[Records from a dataset]
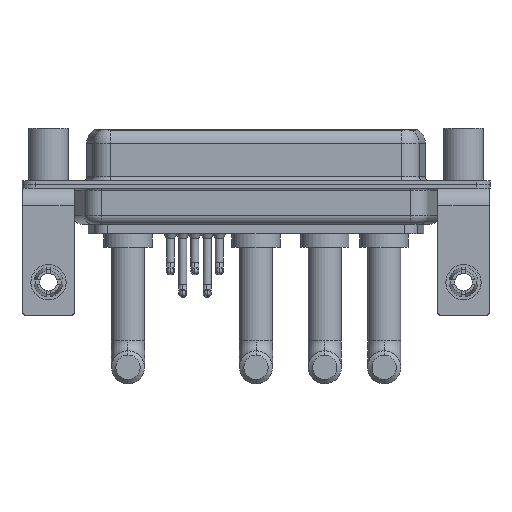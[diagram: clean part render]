
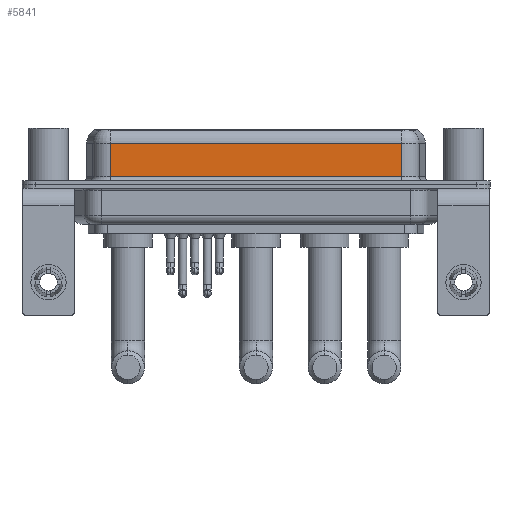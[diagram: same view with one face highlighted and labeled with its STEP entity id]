
A CAD part, front view. The second image highlights one B-rep face of the part: STEP entity #5841.
In plain terms, the highlighted planar face has unit normal (0, -1, 0).
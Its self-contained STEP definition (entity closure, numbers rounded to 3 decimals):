
#125 = VERTEX_POINT ( 'NONE', #15274 ) ;
#447 = CARTESIAN_POINT ( 'NONE',  ( 7.013, -3.95, 4.65 ) ) ;
#841 = ORIENTED_EDGE ( 'NONE', *, *, #15005, .T. ) ;
#1245 = PLANE ( 'NONE',  #1801 ) ;
#1349 = DIRECTION ( 'NONE',  ( 0., 1., 0. ) ) ;
#1801 = AXIS2_PLACEMENT_3D ( 'NONE', #7831, #1349, #14452 ) ;
#2363 = DIRECTION ( 'NONE',  ( 1., 0., 0. ) ) ;
#2801 = VECTOR ( 'NONE', #2363, 1000. ) ;
#3247 = EDGE_CURVE ( 'NONE', #12771, #125, #3326, .T. ) ;
#3326 = LINE ( 'NONE', #16534, #15256 ) ;
#3684 = CARTESIAN_POINT ( 'NONE',  ( 40.037, -3.95, 4.65 ) ) ;
#4440 = LINE ( 'NONE', #12571, #10785 ) ;
#5039 = ORIENTED_EDGE ( 'NONE', *, *, #21128, .F. ) ;
#5063 = CARTESIAN_POINT ( 'NONE',  ( 40.037, -3.95, 4.65 ) ) ;
#5266 = VERTEX_POINT ( 'NONE', #3684 ) ;
#5841 = ADVANCED_FACE ( 'NONE', ( #6094 ), #1245, .F. ) ;
#6094 = FACE_OUTER_BOUND ( 'NONE', #6263, .T. ) ;
#6263 = EDGE_LOOP ( 'NONE', ( #5039, #841, #13873, #18856 ) ) ;
#7473 = DIRECTION ( 'NONE',  ( 0., 0., -1. ) ) ;
#7831 = CARTESIAN_POINT ( 'NONE',  ( 40.037, -3.95, 6.4 ) ) ;
#9242 = VECTOR ( 'NONE', #18515, 1000. ) ;
#10288 = LINE ( 'NONE', #5063, #9242 ) ;
#10785 = VECTOR ( 'NONE', #7473, 1000. ) ;
#12571 = CARTESIAN_POINT ( 'NONE',  ( 40.037, -3.95, 6.4 ) ) ;
#12771 = VERTEX_POINT ( 'NONE', #447 ) ;
#13873 = ORIENTED_EDGE ( 'NONE', *, *, #3247, .T. ) ;
#14397 = VERTEX_POINT ( 'NONE', #20616 ) ;
#14452 = DIRECTION ( 'NONE',  ( 0., 0., 1. ) ) ;
#15005 = EDGE_CURVE ( 'NONE', #5266, #12771, #10288, .T. ) ;
#15256 = VECTOR ( 'NONE', #16210, 1000. ) ;
#15274 = CARTESIAN_POINT ( 'NONE',  ( 7.013, -3.95, 0.9 ) ) ;
#16210 = DIRECTION ( 'NONE',  ( 0., 0., -1. ) ) ;
#16534 = CARTESIAN_POINT ( 'NONE',  ( 7.013, -3.95, 6.4 ) ) ;
#17191 = CARTESIAN_POINT ( 'NONE',  ( 40.037, -3.95, 0.9 ) ) ;
#18515 = DIRECTION ( 'NONE',  ( -1., 0., 0. ) ) ;
#18856 = ORIENTED_EDGE ( 'NONE', *, *, #20283, .T. ) ;
#19655 = LINE ( 'NONE', #17191, #2801 ) ;
#20283 = EDGE_CURVE ( 'NONE', #125, #14397, #19655, .T. ) ;
#20616 = CARTESIAN_POINT ( 'NONE',  ( 40.037, -3.95, 0.9 ) ) ;
#21128 = EDGE_CURVE ( 'NONE', #5266, #14397, #4440, .T. ) ;

Exercise directions:
In the data above, retype exactly and only the lines between the one holding "#1801 = AXIS2_PLACEMENT_3D" and the one holding "#4440 = LINE ( 'NONE', #12571, #10785 ) ;", inclusive.

Written solution:
#1801 = AXIS2_PLACEMENT_3D ( 'NONE', #7831, #1349, #14452 ) ;
#2363 = DIRECTION ( 'NONE',  ( 1., 0., 0. ) ) ;
#2801 = VECTOR ( 'NONE', #2363, 1000. ) ;
#3247 = EDGE_CURVE ( 'NONE', #12771, #125, #3326, .T. ) ;
#3326 = LINE ( 'NONE', #16534, #15256 ) ;
#3684 = CARTESIAN_POINT ( 'NONE',  ( 40.037, -3.95, 4.65 ) ) ;
#4440 = LINE ( 'NONE', #12571, #10785 ) ;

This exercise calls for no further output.